Foods not to eat if you have diverticulitis

Updated November 21, 2016

Diverticulitis is a medical condition in which inflammation within the intestinal tract leads to sluggish movement of faeces within the colon. Rather than being successfully passed out of the body, fecal matter collects small, distended sacs known as diverticula. This leads to bloating, discomfort, constipation and, if left untreated, intestinal obstruction or even gangrene. Fortunately, the vast majority of cases can be resolved with modifications to the daily diet, decreasing fibre intake and avoiding "high residue" foods. A low-fibre diet gives the colon longer to rest, rather than overworking it.

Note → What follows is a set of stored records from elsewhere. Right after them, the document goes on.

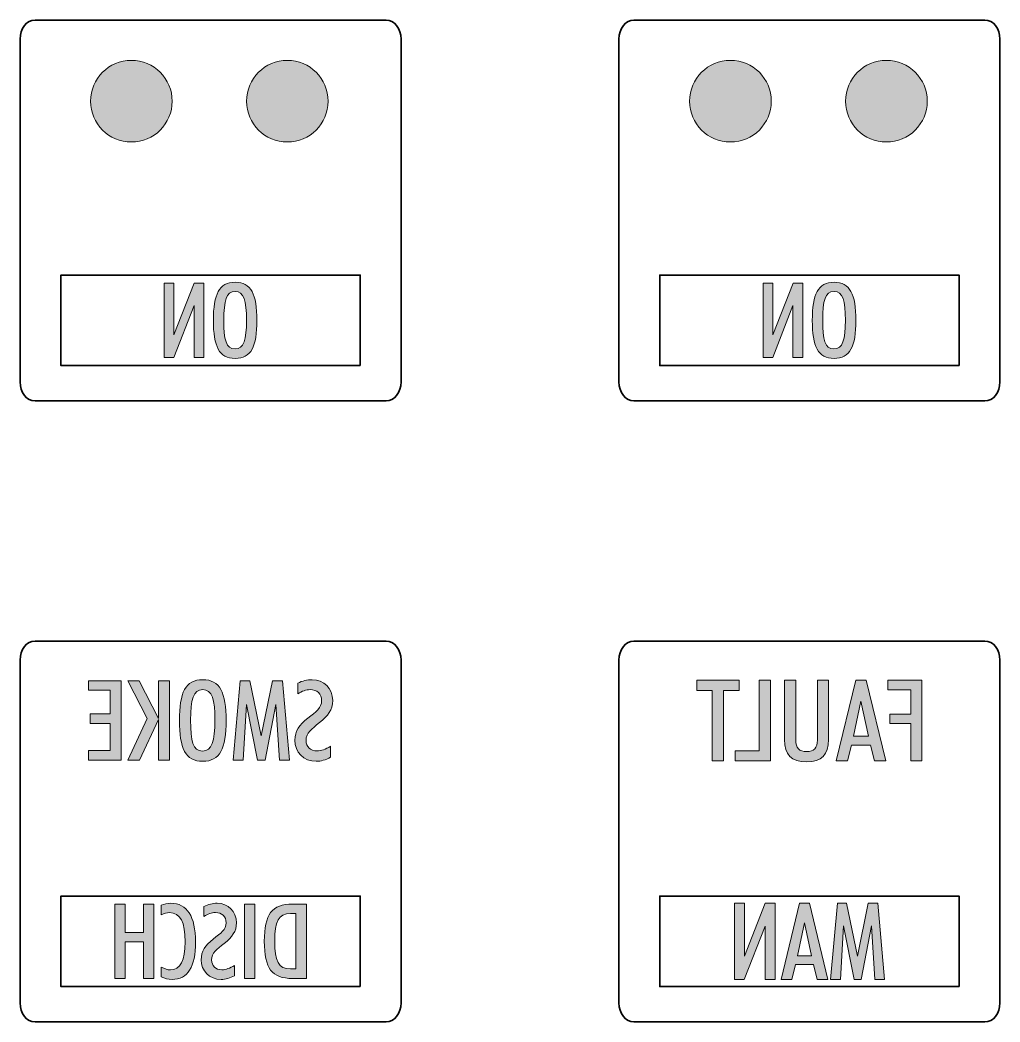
# Model space of a CAD drawing. Header units: millimetres. Extents: x 8 to 201, y 31 to 295.
# Drawn here: x 98.08 to 134.08, y 31.37 to 68.19 of the extents above; entities that cross this region are included whole.
import ezdxf

# ---------------------------------------------------------------- set-up
doc = ezdxf.new("R2010")
doc.units = ezdxf.units.MM
doc.header["$MEASUREMENT"] = 0
doc.layers.add('Layer 1', color=7, linetype='Continuous', lineweight=0)

# ---------------------------------------------------------------- blocks, each defined once
blk = doc.blocks.new('Block_43')
at = {"layer": 'Layer 1', "true_color": 0x1d1e1b, "transparency": 33554687}
h = blk.add_hatch(color=250, dxfattribs=at)
h.dxf.hatch_style = 2
edge = h.paths.add_edge_path()
edge.add_spline(control_points=[(125.819, 32.931), (125.819, 32.931), (125.451, 32.931), (125.451, 32.931), (125.451, 32.931), (125.451, 34.891), (125.451, 34.891), (125.451, 34.891), (124.689, 32.931), (124.689, 32.931), (124.689, 32.931), (124.324, 32.931), (124.324, 32.931), (124.324, 32.931), (124.324, 35.731), (124.324, 35.731), (124.324, 35.731), (124.693, 35.731), (124.693, 35.731), (124.693, 35.731), (124.693, 33.787), (124.693, 33.787), (124.693, 33.787), (125.458, 35.731), (125.458, 35.731), (125.458, 35.731), (125.819, 35.731), (125.819, 35.731), (125.819, 35.731), (125.819, 32.931), (125.819, 32.931)], knot_values=[0, 0, 0, 0, 1, 1, 1, 2, 2, 2, 3, 3, 3, 4, 4, 4, 5, 5, 5, 6, 6, 6, 7, 7, 7, 8, 8, 8, 9, 9, 9, 10, 10, 10, 10], degree=3, periodic=0)
h = blk.add_hatch(color=250, dxfattribs=at)
h.dxf.hatch_style = 2
edge = h.paths.add_edge_path()
edge.add_spline(control_points=[(126.897, 35.009), (126.897, 35.009), (126.638, 33.795), (126.638, 33.795), (126.638, 33.795), (127.156, 33.795), (127.156, 33.795), (127.156, 33.795), (126.897, 35.009), (126.897, 35.009)], knot_values=[0, 0, 0, 0, 1, 1, 1, 2, 2, 2, 3, 3, 3, 3], degree=3, periodic=0)
edge = h.paths.add_edge_path()
edge.add_spline(control_points=[(127.756, 32.931), (127.756, 32.931), (127.363, 32.931), (127.363, 32.931), (127.363, 32.931), (127.229, 33.481), (127.229, 33.481), (127.229, 33.481), (126.569, 33.481), (126.569, 33.481), (126.569, 33.481), (126.431, 32.931), (126.431, 32.931), (126.431, 32.931), (126.038, 32.931), (126.038, 32.931), (126.038, 32.931), (126.715, 35.731), (126.715, 35.731), (126.715, 35.731), (127.079, 35.731), (127.079, 35.731), (127.079, 35.731), (127.756, 32.931), (127.756, 32.931)], knot_values=[0, 0, 0, 0, 1, 1, 1, 2, 2, 2, 3, 3, 3, 4, 4, 4, 5, 5, 5, 6, 6, 6, 7, 7, 7, 8, 8, 8, 8], degree=3, periodic=0)
h = blk.add_hatch(color=250, dxfattribs=at)
h.dxf.hatch_style = 2
edge = h.paths.add_edge_path()
edge.add_spline(control_points=[(129.842, 32.931), (129.842, 32.931), (129.486, 32.931), (129.486, 32.931), (129.486, 32.931), (129.369, 34.895), (129.369, 34.895), (129.369, 34.895), (128.984, 32.931), (128.984, 32.931), (128.984, 32.931), (128.72, 32.931), (128.72, 32.931), (128.72, 32.931), (128.335, 34.895), (128.335, 34.895), (128.335, 34.895), (128.218, 32.931), (128.218, 32.931), (128.218, 32.931), (127.857, 32.931), (127.857, 32.931), (127.857, 32.931), (128.108, 35.731), (128.108, 35.731), (128.108, 35.731), (128.449, 35.731), (128.449, 35.731), (128.449, 35.731), (128.85, 33.791), (128.85, 33.791), (128.85, 33.791), (129.243, 35.731), (129.243, 35.731), (129.243, 35.731), (129.595, 35.731), (129.595, 35.731), (129.595, 35.731), (129.842, 32.931), (129.842, 32.931)], knot_values=[0, 0, 0, 0, 1, 1, 1, 2, 2, 2, 3, 3, 3, 4, 4, 4, 5, 5, 5, 6, 6, 6, 7, 7, 7, 8, 8, 8, 9, 9, 9, 10, 10, 10, 11, 11, 11, 12, 12, 12, 13, 13, 13, 13], degree=3, periodic=0)
at = {"layer": 'Layer 1'}
for points, knots in [([(125.819, 32.931), (125.819, 32.931), (125.451, 32.931), (125.451, 32.931), (125.451, 32.931), (125.451, 34.891), (125.451, 34.891), (125.451, 34.891), (124.689, 32.931), (124.689, 32.931), (124.689, 32.931), (124.324, 32.931), (124.324, 32.931), (124.324, 32.931), (124.324, 35.731), (124.324, 35.731), (124.324, 35.731), (124.693, 35.731), (124.693, 35.731), (124.693, 35.731), (124.693, 33.787), (124.693, 33.787), (124.693, 33.787), (125.458, 35.731), (125.458, 35.731), (125.458, 35.731), (125.819, 35.731), (125.819, 35.731), (125.819, 35.731), (125.819, 32.931), (125.819, 32.931)], [0, 0, 0, 0, 1, 1, 1, 2, 2, 2, 3, 3, 3, 4, 4, 4, 5, 5, 5, 6, 6, 6, 7, 7, 7, 8, 8, 8, 9, 9, 9, 10, 10, 10, 10]), ([(127.756, 32.931), (127.756, 32.931), (127.363, 32.931), (127.363, 32.931), (127.363, 32.931), (127.229, 33.481), (127.229, 33.481), (127.229, 33.481), (126.569, 33.481), (126.569, 33.481), (126.569, 33.481), (126.431, 32.931), (126.431, 32.931), (126.431, 32.931), (126.038, 32.931), (126.038, 32.931), (126.038, 32.931), (126.715, 35.731), (126.715, 35.731), (126.715, 35.731), (127.079, 35.731), (127.079, 35.731), (127.079, 35.731), (127.756, 32.931), (127.756, 32.931)], [0, 0, 0, 0, 1, 1, 1, 2, 2, 2, 3, 3, 3, 4, 4, 4, 5, 5, 5, 6, 6, 6, 7, 7, 7, 8, 8, 8, 8]), ([(129.842, 32.931), (129.842, 32.931), (129.486, 32.931), (129.486, 32.931), (129.486, 32.931), (129.369, 34.895), (129.369, 34.895), (129.369, 34.895), (128.984, 32.931), (128.984, 32.931), (128.984, 32.931), (128.72, 32.931), (128.72, 32.931), (128.72, 32.931), (128.335, 34.895), (128.335, 34.895), (128.335, 34.895), (128.218, 32.931), (128.218, 32.931), (128.218, 32.931), (127.857, 32.931), (127.857, 32.931), (127.857, 32.931), (128.108, 35.731), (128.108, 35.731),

To help prevent a diverticulitis attack, avoid eating whole grain products such as popcorn, rolled oats, corn muffins, or foods made with bran or brown rice as these contain high levels of indigestible fibre that may lodge in the diverticula, aggravating the condition. Choose refined-grain products instead such as white rice, pasta, crackers and baked goods made with refined white flour.

Fruits and Vegetables

In the produce department, try to avoid choosing dried fruits such as raisins or prunes, which are loaded with fibre. Steer clear of berries as they contain numerous small, indigestible seeds, and any cruciferous vegetables such as cabbage, cauliflower or broccoli. Do not drink any fruit juice that contains pulp and be sure to cook all your vegetables prior to eating them to soften the fibre and make them easier to digest. Most raw fruits should be avoided with the exception of bananas, avocado, peaches and melons, which are comparatively low in fibre and easy to digest. If you must have raw produce, eat it only in moderation and be sure to remove the peel and avoid ingesting any seeds.

Meat and Protein

Choose tender cuts of meat, ground meats, fish of all sorts, and eggs as your main protein choices because they do not irritate the colon and are slow to digest. Avoid eating strong cheeses as they tend to contain high quantities of indigestible casein. Additionally, any product containing nuts and seeds, including crunchy peanut butter, should be removed from the menu because these protein sources can be very difficult to digest. You should also reduce the quantity of beans, peas and legumes in your regular diet as these are known to be sources of high dietary fibre.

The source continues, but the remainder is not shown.